• Directions
Produce word for word the lines of the data below running from the one that has "Divide/1 -> RT5/1" to the one that has "Data Type Conversion3/1 -> Byte Pack/3", inclusive, and no others.

Records from a data collection:
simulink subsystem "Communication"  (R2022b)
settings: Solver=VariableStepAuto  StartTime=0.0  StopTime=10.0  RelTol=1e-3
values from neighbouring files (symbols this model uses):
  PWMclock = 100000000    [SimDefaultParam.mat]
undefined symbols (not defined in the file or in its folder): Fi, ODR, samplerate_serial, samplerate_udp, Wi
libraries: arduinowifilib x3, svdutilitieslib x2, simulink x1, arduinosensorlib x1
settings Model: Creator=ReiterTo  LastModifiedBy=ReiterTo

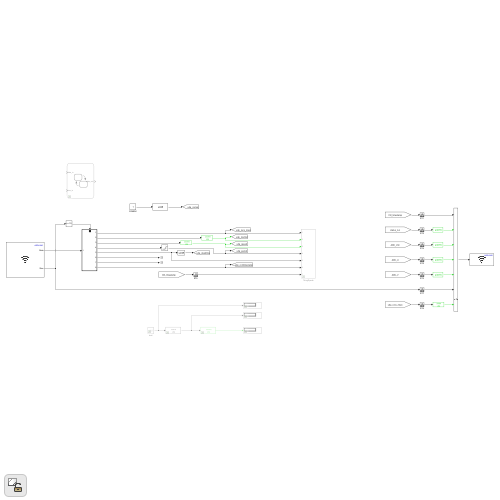
[thumbnail: Simulink's stored preview of the top-level diagram]
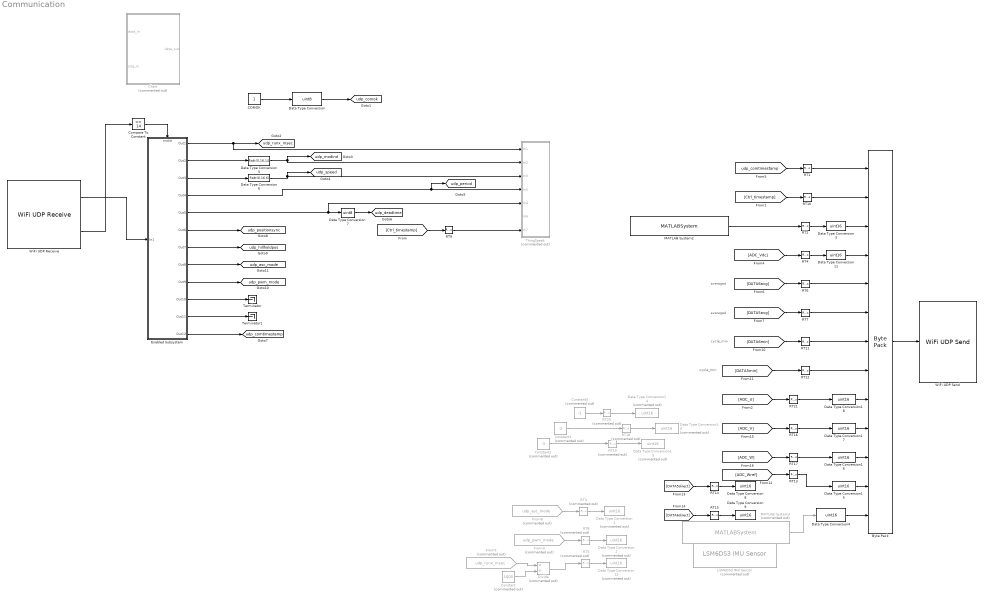
== system Communication ==
  note: averaged
  note: averaged
  note: cycle_min
  note: cycle_min
  Byte Pack : svdutilitieslib/Byte Pack  maskPackedDataType=uint16  datatypes={'uint32','uint32','uint16','uint16','uint16','uint16','uint16','uint16','uint16','uint16','uint16','uint16','uint16'}  byteAlign=2  blockPlatform=arduinoert
  COMOK : Constant  SampleTime=samplerate_serial
  Chart : Stateflow chart  Commented=on  TreatAsAtomicUnit=on
  Compare To Constant : simulink/Logic and Bit Operations/Compare To Constant  relop===  const=14  OutDataTypeStr=uint8
  Constant : Constant  Commented=on  Value=1000  OutDataTypeStr=uint16  SampleTime=samplerate_udp
  Constant1 : Constant  Commented=on  Value=-2  OutDataTypeStr=int16  SampleTime=samplerate_udp
  Constant2 : Constant  Commented=on  Value=-3  OutDataTypeStr=int16  SampleTime=samplerate_udp
  Constant3 : Constant  Commented=on  Value=-1  OutDataTypeStr=int16  SampleTime=samplerate_udp
  Data Type Conversion : DataTypeConversion  OutDataTypeStr=uint8  RndMeth=Simplest  SaturateOnIntegerOverflow=off
  Data Type Conversion1 : DataTypeConversion  Commented=on  OutDataTypeStr=uint16  RndMeth=Simplest  SaturateOnIntegerOverflow=off
  Data Type Conversion10 : DataTypeConversion  Commented=on  OutDataTypeStr=uint16  ConvertRealWorld=Stored Integer (SI)  RndMeth=Simplest  SaturateOnIntegerOverflow=off
  Data Type Conversion{3..4,8..9,11} (5 alike) : DataTypeConversion  OutDataTypeStr=uint16  RndMeth=Simplest  SaturateOnIntegerOverflow=off
  Data Type Conversion12 : DataTypeConversion  Commented=on  OutDataTypeStr=uint16  RndMeth=Simplest  SaturateOnIntegerOverflow=off
  Data Type Conversion13 : DataTypeConversion  Commented=on  OutDataTypeStr=uint16  ConvertRealWorld=Stored Integer (SI)  RndMeth=Simplest  SaturateOnIntegerOverflow=off
  Data Type Conversion14 : DataTypeConversion  Commented=on  OutDataTypeStr=uint16  ConvertRealWorld=Stored Integer (SI)  RndMeth=Simplest  SaturateOnIntegerOverflow=off
  Data Type Conversion{15..18} (4 alike) : DataTypeConversion  OutDataTypeStr=uint16  ConvertRealWorld=Stored Integer (SI)  RndMeth=Simplest  SaturateOnIntegerOverflow=off
  Data Type Conversion2 : DataTypeConversion  Commented=on  OutDataTypeStr=uint16  RndMeth=Simplest  SaturateOnIntegerOverflow=off
  Data Type Conversion5 : DataTypeConversion  OutDataTypeStr=fixdt(0,16,14)  ConvertRealWorld=Stored Integer (SI)  RndMeth=Simplest  SaturateOnIntegerOverflow=off  LockScale=on
  Data Type Conversion6 : DataTypeConversion  OutDataTypeStr=fixdt(0,16,6)  ConvertRealWorld=Stored Integer (SI)  RndMeth=Simplest  SaturateOnIntegerOverflow=off  LockScale=on
  Data Type Conversion7 : DataTypeConversion  OutDataTypeStr=uint8  RndMeth=Simplest  SaturateOnIntegerOverflow=off
  Divide : Product  Commented=on  Inputs=*/  OutDataTypeStr=uint32  RndMeth=Simplest
  Enabled Subsystem : Subsystem  TreatAsAtomicUnit=on
  From3 : From  Commented=on  GotoTag=udp_pwm_mode  TagVisibility=global
  From8 : From  Commented=on  GotoTag=udp_asc_mode  TagVisibility=global
  From9 : From  Commented=on  GotoTag=udp_runx_msec  TagVisibility=global
  LSM6DS3 IMU Sensor : arduinosensorlib/LSM6DS3 IMU Sensor  Commented=on  I2CAddress=0x6A  IsActiveAcceleration=off  IsActiveAngularRate=off  IsActiveTemperature=on  IsActiveStatus=off  IsActiveTimeStamp=off  spf=1  SampleTime=1  QueueSizeFactor=1  AccelerometerRange=+/- 2g  AccelerometerODR=12.5 Hz  SelectAnalogBW=off  AccelLPF1BW=400 Hz  AccelSelectCompositeFilter=No filter  AccelLPF2BW=ODR/50  AccelHPFBW=ODR/100  GyroscopeRange=250 dps  GyroscopeODR=12.5 Hz  SelectGyroscopeHPF=off  GyroHPFBW=0.0081 Hz
  MATLAB System2 : MATLABSystem  System=invPWM_Status
      mask Type: invPWM_Status
      mask Display:
      | disp('Inverter PWM Arduino Nano 33 IoT');
      | port_label('output',1,'pwm_run');
  MATLAB System3 : MATLABSystem  Commented=on  System=invSPI
      mask Type: invSPI
      mask Display:
      | disp('Inverter SPI Arduino Nano 33 IoT');
      | port_label('output',1,'DCL_RAW');
  RT{1..2,4,6..7,10..17,21} (14 alike) : RateTransition  Integrity=off  Deterministic=off  OutPortSampleTime=samplerate_udp
  RT{3,5,8,18..20} (6 alike) : RateTransition  Commented=on  Integrity=off  Deterministic=off  OutPortSampleTime=samplerate_udp
  RT9 : RateTransition  Integrity=off  Deterministic=off  OutPortSampleTime=samplerate_serial
  Terminator : Terminator
  Terminator1 : Terminator
  ThingSpeak : Subsystem  Commented=on
  WiFi UDP Receive : arduinowifilib/WiFi UDP Receive  localport=50000  DataType=uint16  DataLength=14  SampleTime_=samplerate_udp  wifiUDPIndex=0  blockPlatform=ARDUINO  isARMArch=true
  WiFi UDP Send : arduinowifilib/WiFi UDP Send  remoteIPOctetString=255.255.255.255  remoteport=60000  localport=50000  remoteipoctet1=255  remoteipoctet2=255  remoteipoctet3=255  remoteipoctet4=255  wifiUDPIndex=0  blockPlatform=ARDUINO  isARMArch=true
  tag scope: udp_asc_mode=global, udp_comok=global, udp_comtimestamp=global, udp_deadtime=global, udp_hillholdpos=global, udp_modind=global, udp_period=global, udp_positionsync=global, udp_pwm_mode=global, udp_runx_msec=global, udp_speed=global
  wires:
  Data Type Conversion/1 -> [udp_comok]
  [Ctrl_timestamp] -> RT9/1
  COMOK/1 -> Data Type Conversion/1
  RT2/1 -> Data Type Conversion3/1
  MATLAB System2/1 -> RT2/1
  RT1/1 -> Byte Pack/1
  Byte Pack/1 -> WiFi UDP Send/1
  Data Type Conversion6/1 -> ThingSpeak/3(In3), [udp_speed]
  Data Type Conversion7/1 -> [udp_deadtime]
  Enabled Subsystem/4(Out4) -> [udp_period], ThingSpeak/4(In5)
  [ADC_Vdc] -> RT4/1
  RT4/1 -> Data Type Conversion11/1
  From9/1 -> Divide/1
  RT5/1 -> Data Type Conversion12/1
  RT9/1 -> ThingSpeak/7(In7)
  RT3/1 -> Data Type Conversion1/1
  Data Type Conversion5/1 -> [udp_modind], ThingSpeak/2(In2)
  Enabled Subsystem/1(Out1) -> ThingSpeak/1(In1), [udp_runx_msec]
  Enabled Subsystem/5(Out5) -> Data Type Conversion7/1, ThingSpeak/5(In4)
  WiFi UDP Receive/1 -> Enabled Subsystem/1(In1)
  Enabled Subsystem/2(Out2) -> Data Type Conversion5/1
  Enabled Subsystem/3(Out3) -> Data Type Conversion6/1
  Enabled Subsystem/6(Out6) -> [udp_positionsync]
  Enabled Subsystem/7(Out7) -> [udp_hillholdpos]
  [DATA5avg] -> RT7/1
  [DATA6avg] -> RT6/1
  RT8/1 -> Data Type Conversion2/1
  WiFi UDP Receive/2 -> Compare To Constant/1
  Compare To Constant/1 -> Enabled Subsystem/Enable
  From3/1 -> RT8/1
  From8/1 -> RT3/1
  Enabled Subsystem/8(Out8) -> [udp_asc_mode]
  Enabled Subsystem/9(Out9) -> [udp_pwm_mode]
  Enabled Subsystem/10(Out10) -> Terminator/1
  Enabled Subsystem/11(Out11) -> Terminator1/1
  Divide/1 -> RT5/1
  Constant/1 -> Divide/2
  Enabled Subsystem/12(Out12) -> [udp_comtimestamp]
  [udp_comtimestamp] -> RT1/1
  [Ctrl_timestamp] -> RT10/1
  RT10/1 -> Byte Pack/2
  [DATA6min] -> RT11/1
  [DATA5min] -> RT12/1
  Data Type Conversion3/1 -> Byte Pack/3
  Data Type Conversion11/1 -> Byte Pack/4
  RT6/1 -> Byte Pack/5
  RT7/1 -> Byte Pack/6
  RT11/1 -> Byte Pack/7
  RT12/1 -> Byte Pack/8
  [DATA5direct] -> RT14/1
  RT14/1 -> Data Type Conversion8/1
  RT15/1 -> Data Type Conversion9/1
  [DATA6direct] -> RT15/1
  [ADC_V] -> RT16/1
  [ADC_W] -> RT17/1
  RT18/1 -> Data Type Conversion10/1
  [ADC_Wref] -> RT13/1
  RT13/1 -> Data Type Conversion15/1
  Data Type Conversion4/1 -> Byte Pack/13
  MATLAB System3/1 -> Data Type Conversion4/1
  Constant1/1 -> RT18/1
  RT19/1 -> Data Type Conversion13/1
  Constant2/1 -> RT19/1
  RT20/1 -> Data Type Conversion14/1
  Constant3/1 -> RT20/1
  Data Type Conversion15/1 -> Byte Pack/12
  Data Type Conversion16/1 -> Byte Pack/11
  Data Type Conversion17/1 -> Byte Pack/10
  Data Type Conversion18/1 -> Byte Pack/9
  RT17/1 -> Data Type Conversion16/1
  RT16/1 -> Data Type Conversion17/1
  RT21/1 -> Data Type Conversion18/1
  [ADC_U] -> RT21/1

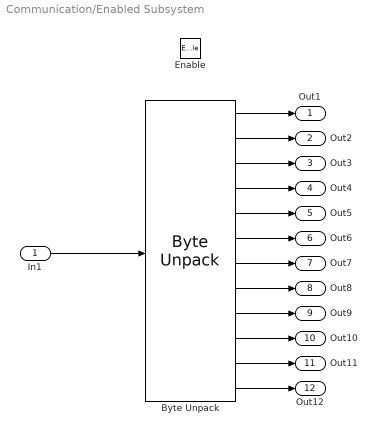
== system Communication/Enabled Subsystem ==
  In1 : Inport
  Enable : EnablePort
  Byte Unpack : svdutilitieslib/Byte Unpack  dimensions={[1],[1],[1],[1],[1],[1],[1],[1],[1],[1],[1],[1]}  datatypes={'uint32','uint16','uint16','uint16','uint16','uint16','uint16','uint16','uint16','uint16','uint16','uint32'}  byteAlign=2  blockPlatform=arduinoert
  Out1 : Outport
  Out2 : Outport  Port=2
  Out3 : Outport  Port=3
  Out4 : Outport  Port=4
  Out5 : Outport  Port=5
  Out6 : Outport  Port=6
  Out7 : Outport  Port=7
  Out8 : Outport  Port=8
  Out9 : Outport  Port=9
  Out10 : Outport  Port=10
  Out11 : Outport  Port=11
  Out12 : Outport  Port=12
  wires:
  Byte Unpack/12 -> Out12/1
  Byte Unpack/11 -> Out11/1
  Byte Unpack/10 -> Out10/1
  Byte Unpack/9 -> Out9/1
  Byte Unpack/8 -> Out8/1
  Byte Unpack/7 -> Out7/1
  Byte Unpack/6 -> Out6/1
  Byte Unpack/5 -> Out5/1
  Byte Unpack/4 -> Out4/1
  Byte Unpack/3 -> Out3/1
  Byte Unpack/2 -> Out2/1
  Byte Unpack/1 -> Out1/1
  In1/1 -> Byte Unpack/1

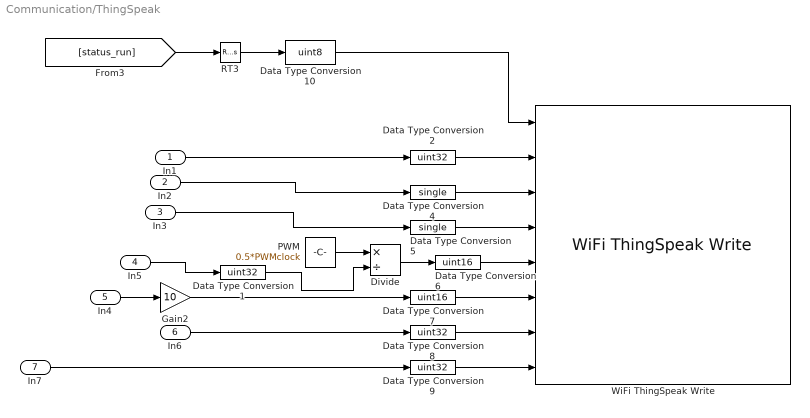
== system Communication/ThingSpeak ==
  In1 : Inport
  In2 : Inport  Port=2
  In3 : Inport  Port=3
  In5 : Inport  Port=4
  In4 : Inport  Port=5
  In6 : Inport  Port=6
  In7 : Inport  Port=7
  Data Type Conversion{1..2,8..9} (4 alike) : DataTypeConversion  OutDataTypeStr=uint32  SaturateOnIntegerOverflow=off  RndMeth=Floor
  Data Type Conversion10 : DataTypeConversion  OutDataTypeStr=uint8  SaturateOnIntegerOverflow=off  RndMeth=Floor
  Data Type Conversion4 : DataTypeConversion  OutDataTypeStr=single  SaturateOnIntegerOverflow=off  RndMeth=Floor
  Data Type Conversion5 : DataTypeConversion  OutDataTypeStr=single  SaturateOnIntegerOverflow=off  RndMeth=Floor
  Data Type Conversion6 : DataTypeConversion  OutDataTypeStr=uint16  SaturateOnIntegerOverflow=off  RndMeth=Floor
  Data Type Conversion7 : DataTypeConversion  OutDataTypeStr=uint16  SaturateOnIntegerOverflow=off  RndMeth=Floor
  Divide : Product  Inputs=*/  RndMeth=Simplest
  Gain2 : Gain  Gain=10  OutDataTypeStr=uint16  RndMeth=Simplest
  PWM : Constant  Value=0.5*PWMclock  OutDataTypeStr=uint32  SampleTime=samplerate_serial
  RT3 : RateTransition  Integrity=off  Deterministic=off  OutPortSampleTime=samplerate_serial
  WiFi ThingSpeak Write : arduinowifilib/WiFi ThingSpeak Write  ChannelID_=2477243  WriteAPIKey_=Z6BZPM8LP3Z3KJLJ  FieldsToWrite=[1 2 3 4 5 6 7 8]  UpdateInterval_=15  PrintDiagnosticMessages_=off  LocationEnabled=off  LocationSource=Input port  blockPlatform=arduino  Interfacetype_=Wi-Fi  UpdateURL=0  StatusMessage=0  StatusEnabled=on  StatusSource=<empty>
  wires:
  Gain2/1 -> Data Type Conversion7/1
  In3/1 -> Data Type Conversion5/1
  In2/1 -> Data Type Conversion4/1
  In5/1 -> Data Type Conversion1/1
  In7/1 -> Data Type Conversion9/1
  In4/1 -> Gain2/1
  In1/1 -> Data Type Conversion2/1
  Data Type Conversion7/1 -> WiFi ThingSpeak Write/6
  RT3/1 -> Data Type Conversion10/1
  [status_run] -> RT3/1
  Data Type Conversion2/1 -> WiFi ThingSpeak Write/2
  Divide/1 -> Data Type Conversion6/1
  Data Type Conversion6/1 -> WiFi ThingSpeak Write/5
  Data Type Conversion8/1 -> WiFi ThingSpeak Write/7
  Data Type Conversion10/1 -> WiFi ThingSpeak Write/1
  Data Type Conversion9/1 -> WiFi ThingSpeak Write/8
  PWM/1 -> Divide/1
  Data Type Conversion1/1 -> Divide/2
  Data Type Conversion5/1 -> WiFi ThingSpeak Write/4
  Data Type Conversion4/1 -> WiFi ThingSpeak Write/3
  In6/1 -> Data Type Conversion8/1

== stateflow chart Communication/Chart ==
  state NewData
    en: data_out = data_in;
  (default) -> NewData
  (junction 17) -> NewData
  NewData -> (junction 17) : [size_in ~= 0]
  data: data_in input uint16 size=10; data_out output uint16 size=10; size_in input uint16 size=1

• Exercise answer
  Divide/1 -> RT5/1
  Constant/1 -> Divide/2
  Enabled Subsystem/12(Out12) -> [udp_comtimestamp]
  [udp_comtimestamp] -> RT1/1
  [Ctrl_timestamp] -> RT10/1
  RT10/1 -> Byte Pack/2
  [DATA6min] -> RT11/1
  [DATA5min] -> RT12/1
  Data Type Conversion3/1 -> Byte Pack/3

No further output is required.